Com pandemia, arquitetos e urbanistas reforçam necessidade da assistência técnica para moradias populares
Em tempos de pandemia da Covid-19, entra em evidência a questão das condições das habitações em zonas periféricas, que muitas vezes possuem condições favoráveis para a propagação do vírus. A questão não é nova para profissionais da área. O Conselho de Arquitetura e Urbanismo do Espírito Santo (CAU-ES) há tempos pauta a necessidade de políticas públicas que possam dar suporte às pessoas e famílias que vivem em condições mais precárias.
“É importante que o arquiteto e o urbanista estejam no planejamento das áreas mais carentes, à disposição para auxiliar nessas construções feitas de forma mais informal, que podem ter aspectos de insalubridade”, diz Liane Destefani, presidente do CAU-ES. Ela cita como problemas comuns nesse tipo de construção a falta de ventilação, iluminação e entrada de sol, o que aumenta a possibilidade de problemas ocasionados por fungos, bactérias e vírus, agravados pelo fato de que é comum que haja muitas pessoas e também animais domésticos convivendo no mesmo espaço.
Infiltrações no solo e também no teto e falta de reboco são fatores que também podem afetar a estrutura da construção, ocasionando possíveis acidentes. “O dinheiro para construir e a mão de obra, as pessoas até já têm, mas a assistência técnica poderia ajudar a construir da maneira correta”, aponta. O que se vem discutindo a nível nacional é a necessidade de estruturar-se um plano de Assistência Técnica em Habitações de Interesse Social (ATHIS), juntamente com a melhoria das condições de saneamento e saúde da população.

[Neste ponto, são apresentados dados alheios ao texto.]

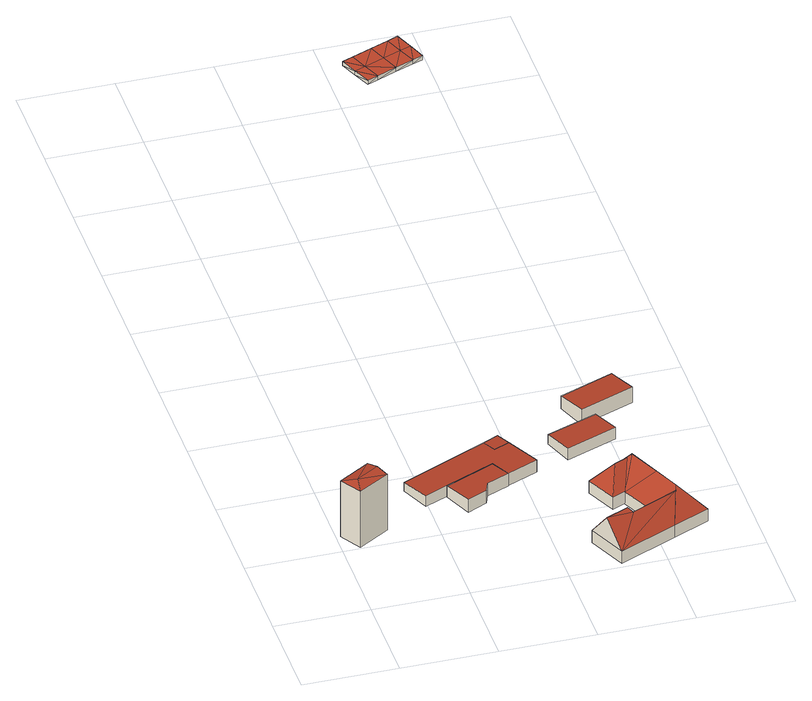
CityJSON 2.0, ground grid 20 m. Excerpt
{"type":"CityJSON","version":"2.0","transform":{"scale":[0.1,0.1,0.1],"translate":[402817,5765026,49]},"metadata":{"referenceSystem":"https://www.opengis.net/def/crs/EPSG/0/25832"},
"CityObjects":{
"building1":{"type":"Building","attributes":{"Gemeindeschluessel":"05515000","Geometrietyp2DReferenz":"3000","function":"31001_2700","roofType":"5000","measuredHeight":14.07},"geometry":[{"type":"Solid","lod":"2","boundaries":[[[[0,1,2,3]],[[4,5,1,0]],[[6,7,5,4]],[[3,2,7,6]],[[0,8,4]],[[6,9,3]],[[3,9,8]],[[8,0,3]],[[8,9,6]],[[6,4,8]],[[1,5,7,2]]]],"semantics":{"surfaces":[{"type":"WallSurface"},{"type":"RoofSurface"},{"type":"GroundSurface"}],"values":[[0,0,0,0,1,0,1,1,1,1,2]]}}]},
"building2":{"type":"Building","attributes":{"Gemeindeschluessel":"05515000","Geometrietyp2DReferenz":"3000","function":"31001_2700","roofType":"2100","measuredHeight":3.05},"geometry":[{"type":"Solid","lod":"2","boundaries":[[[[10,11,12,13]],[[14,15,11,10]],[[16,17,15,14]],[[18,19,17,16]],[[20,21,19,18]],[[13,12,21,20]],[[18,16,14,10,13,20]],[[11,15,17,19,21,12]]]],"semantics":{"surfaces":[{"type":"WallSurface"},{"type":"RoofSurface"},{"type":"GroundSurface"}],"values":[[0,0,0,0,0,0,1,2]]}}]},
"building3":{"type":"Building","attributes":{"Gemeindeschluessel":"05515000","Geometrietyp2DReferenz":"3000","function":"31001_2700","roofType":"2100","measuredHeight":2.9},"geometry":[{"type":"Solid","lod":"2","boundaries":[[[[22,23,24,25]],[[26,27,23,22]],[[28,29,27,26]],[[30,31,29,28]],[[32,33,31,30]],[[34,35,33,32]],[[36,37,35,34]],[[38,39,37,36]],[[14,40,39,38]],[[25,24,40,14]],[[38,36,34,32,30,28,26,22,25,14]],[[23,27,29,31,33,35,37,39,40,24]]]],"semantics":{"surfaces":[{"type":"WallSurface"},{"type":"RoofSurface"},{"type":"GroundSurface"}],"values":[[0,0,0,0,0,0,0,0,0,0,1,2]]}}]},
"building4":{"type":"Building","attributes":{"Gemeindeschluessel":"05515000","Geometrietyp2DReferenz":"3000","function":"31001_2700","roofType":"2100","measuredHeight":2.33},"geometry":[{"type":"Solid","lod":"2","boundaries":[[[[41,42,31,30]],[[36,37,42,41]],[[34,35,37,36]],[[32,33,35,34]],[[30,31,33,32]],[[34,36,41,30,32]],[[42,37,35,33,31]]]],"semantics":{"surfaces":[{"type":"WallSurface"},{"type":"RoofSurface"},{"type":"GroundSurface"}],"values":[[0,0,0,0,0,1,2]]}}]},
"building5":{"type":"Building","attributes":{"Gemeindeschluessel":"05515000","Geometrietyp2DReferenz":"3000","function":"31001_1000","roofType":"5000","measuredHeight":8.46},"address":[{"country":"Germany","locality":"Münster","thoroughfareNumber":"311","thoroughfareName":"Langenhorster Stiege"}],"geometry":[{"type":"Solid","lod":"2","boundaries":[[[[43,44,45,46]],[[47,48,44,43]],[[49,50,48,47]],[[51,52,50,49]],[[53,54,52,51]],[[55,56,54,53]],[[57,58,56,55]],[[59,60,58,57]],[[61,62,60,59]],[[63,64,62,61]],[[65,66,64,63]],[[67,68,66,65]],[[69,70,68,67]],[[46,45,70,69]],[[71,72,69,67,73]],[[67,65,73]],[[65,63,74]],[[73,65,74]],[[73,74,57]],[[73,57,55]],[[55,71,73]],[[74,63,61,75]],[[61,59,75]],[[75,59,57,74]],[[72,71,55,53,76]],[[76,53,51,77]],[[77,51,49,78]],[[78,49,47,79]],[[47,43,79]],[[77,78,79]],[[79,43,77]],[[76,77,43]],[[76,43,46]],[[72,76,46]],[[46,69,72]],[[44,48,50,52,54,56,58,60,62,64,66,68,70,45]]]],"semantics":{"surfaces":[{"type":"WallSurface"},{"type":"RoofSurface"},{"type":"GroundSurface"}],"values":[[0,0,0,0,0,0,0,0,0,0,0,0,0,0,1,1,1,1,1,1,1,1,1,1,1,1,1,1,0,1,1,1,1,1,1,2]]}}]},
"building6":{"type":"Building","attributes":{"Geometrietyp2DReferenz":"3000","Gemeindeschluessel":"05515000","function":"31001_2700","roofType":"2100","measuredHeight":2.8},"geometry":[{"type":"Solid","lod":"2","boundaries":[[[[80,81,82,83]],[[84,85,81,80]],[[86,87,85,84]],[[83,82,87,86]],[[84,80,83,86]],[[81,85,87,82]]]],"semantics":{"surfaces":[{"type":"WallSurface"},{"type":"RoofSurface"},{"type":"GroundSurface"}],"values":[[0,0,0,0,1,2]]}}]},
"building7":{"type":"Building","attributes":{"Gemeindeschluessel":"05515000","Geometrietyp2DReferenz":"3000","function":"31001_2700","roofType":"2100","measuredHeight":3.62},"geometry":[{"type":"Solid","lod":"2","boundaries":[[[[88,89,90,91]],[[92,93,89,88]],[[94,95,93,92]],[[91,90,95,94]],[[92,88,91,94]],[[89,93,95,90]]]],"semantics":{"surfaces":[{"type":"WallSurface"},{"type":"RoofSurface"},{"type":"GroundSurface"}],"values":[[0,0,0,0,1,2]]}}]},
"building8":{"type":"Building","attributes":{"Geometrietyp2DReferenz":"2000","Gemeindeschluessel":"05515000","function":"53001_1800","roofType":"9999","measuredHeight":1},"geometry":[{"type":"Solid","lod":"2","boundaries":[[[[96,97,98]],[[97,99,98]],[[100,101,96]],[[101,97,96]],[[102,103,100]],[[103,101,100]],[[104,105,102]],[[105,103,102]],[[106,107,104]],[[107,105,104]],[[108,109,106]],[[109,107,106]],[[110,111,108]],[[111,109,108]],[[112,113,110]],[[113,111,110]],[[114,115,112]],[[115,113,112]],[[116,117,114]],[[117,115,114]],[[118,119,116]],[[119,117,116]],[[98,99,118]],[[99,119,118]],[[97,101,120]],[[120,101,103]],[[120,103,105]],[[120,105,121]],[[121,105,107]],[[121,107,122]],[[122,107,109]],[[122,109,111]],[[99,97,119]],[[119,97,120]],[[119,120,117]],[[117,120,121]],[[117,121,122]],[[117,122,115]],[[115,122,111]],[[115,111,113]],[[96,123,100]],[[123,102,100]],[[123,104,102]],[[123,124,104]],[[124,106,104]],[[124,125,106]],[[125,108,106]],[[125,110,108]],[[98,118,96]],[[118,123,96]],[[118,116,123]],[[116,124,123]],[[116,125,124]],[[116,114,125]],[[114,110,125]],[[114,112,110]]]],"semantics":{"surfaces":[{"type":"WallSurface"},{"type":"GroundSurface"},{"type":"RoofSurface"}],"values":[[0,0,0,0,0,0,0,0,0,0,0,0,0,0,0,0,0,0,0,0,0,0,0,0,1,1,1,1,1,1,1,1,1,1,1,1,1,1,1,1,2,2,2,2,2,2,2,2,2,2,2,2,2,2,2,2]]}}]}
},
"vertices":[
[33,193,145],[33,193,11],[99,233,11],[99,233,145],[5,238,145],[5,238,11],[72,279,145],[72,279,11],[38,227,151],[85,256,151],
[345,352,37],[345,352,11],[240,306,11],[240,306,37],[365,308,41],[365,308,11],[317,287,41],[317,287,11],[308,265,42],[308,265,11],[266,246,42],[266,246,11],
[240,306,38],[240,306,12],[345,352,12],[345,352,38],[192,285,38],[192,285,12],[165,346,33],[165,346,12],[350,429,33],[350,429,12],[351,426,33],[351,426,12],[363,399,35],[363,399,12],[396,413,35],[396,413,12],[430,335,41],[430,335,12],[365,308,12],
[382,444,33],[382,444,12],
[506,1,41],[506,1,12],[627,54,12],[627,54,41],[469,83,41],[469,83,12],[558,123,41],[558,123,12],[565,108,41],[565,108,12],[595,121,41],[595,121,12],[566,187,41],[566,187,12],[566,188,41],[566,188,12],[538,176,41],[538,176,12],[509,241,41],[509,241,12],[537,253,41],[537,253,12],[536,255,41],[536,255,12],[614,290,41],[614,290,12],[705,89,41],[705,89,12],[623,165,95],[647,111,95],[593,233,95],[584,235,86],[556,223,86],[644,103,87],[546,59,87],[535,63,97],[488,42,97],
[476,417,35],[476,417,13],[499,355,13],[499,355,41],[584,456,35],[584,456,13],[607,396,41],[607,396,13],
[533,522,42],[533,522,12],[557,459,12],[557,459,49],[648,567,42],[648,567,12],[672,503,49],[672,503,12],
[455,1698,13],[455,1698,3],[470,1661,13],[470,1661,3],[440,1735,13],[440,1735,3],[463,1744,13],[463,1744,3],[505,1761,13],[505,1761,3],[543,1776,13],[543,1776,3],[566,1785,13],[566,1785,3],[581,1748,13],[581,1748,3],[595,1710,13],[595,1710,3],[573,1702,13],[573,1702,3],[535,1687,13],[535,1687,3],[493,1670,13],[493,1670,3],[478,1707,3],[520,1724,3],[558,1739,3],[478,1707,13],[520,1724,13],[558,1739,13]
]}

As assistências técnicas podem ser organizadas de diferentes maneiras, a partir de ONGs, escritórios, profissionais autônomos, projetos de extensão universitária, associações, cooperativa, ou pelo próprio poder público.
Repensar a cidade do ponto de vista do urbanismo envolve alguns desafios. Um deles é justamente garantir habitações dignas para quem não as têm, como pessoas em situação de rua, que vivem em ambientes insalubres ou com excesso de pessoas. Mas para isso, Liane alerta que não basta a assessoria, mas também uma política pública para disponibilizar espaço para habitações e educação social para a convivência.
Muitos arquitetos e urbanistas criticam os modelos que prezaram por construir novos bairros muito afastados dos centros urbanos, que implicam longo de tempo de transporte e também o estabelecimento de serviços públicos como água, energia, saneamento e comércios, que muitas vezes são precários.
Outra questão importante se refere a reformar espaços já existentes com apoio dos profissionais. “As comunidades são muito vivas, se renovam o tempo todo, fazem reformas, ampliam. Sem o auxílio de profissionais, isso pode se tornar um perigo”, alerta a presidente do CAU/ES. Além disso, Liane enxerga a necessidade de regularização de terrenos e imóveis onde as pessoas vivem a partir de ocupações não planejadas pelo Estado, juntamente com a melhoria das condições sanitárias do entorno.
O site athis.org.br apresenta uma série de informações e experiências bem sucedidas realizadas pelo Brasil com apoio das ATHIS, por meio de trabalhos de profissionais em diálogo com as comunidades e moradores.
Mas nem é preciso ir tão longe para encontrar bons exemplos. O Projeto Terra, iniciado nos anos 90 na região da Grande São Pedro, construída sobre o manguezal de Vitória, é considerado uma experiência de sucesso em termos de urbanização e adequação de moradias, com intervenções de infraestrutura, serviços urbanos e geração de renda. Depois transformado em programa, também atua junto às comunidades situadas em morros e encostas.
A realidade da maioria dos municípios, porém, não é a mesma da Capital. A reivindicação dos CAU estaduais e nacional é pela criação de um fundo federal para financiar projetos nos municípios, já que nem todos contam com recursos, e o fundo serviria de estímulo para implantação dessas políticas. Mas o momento da política nacional de destruição das políticas sociais parece pouco favorável.
Apesar da falta de uma política nacional, o Distrito Federal e os estados do Sul do país têm sido os que mais avançam nas políticas públicas para consolidar o apoio às moradias populares. “Em primeiro lugar, falta conscientização política de que isso é necessário, que a habitação não é uma questão secundária, é uma questão tão séria quanto a saúde, tem que ser vista como prioritária. Em segundo, falta vontade política dos governantes para que os projetos saiam do papel”, cobra Liane Destefani.
Diante da crise do novo coronavírus, fica mais evidente a importância e urgência da melhoria das condições de moradia, que configuram um direito fundamental, mas também uma questão de saúde pública.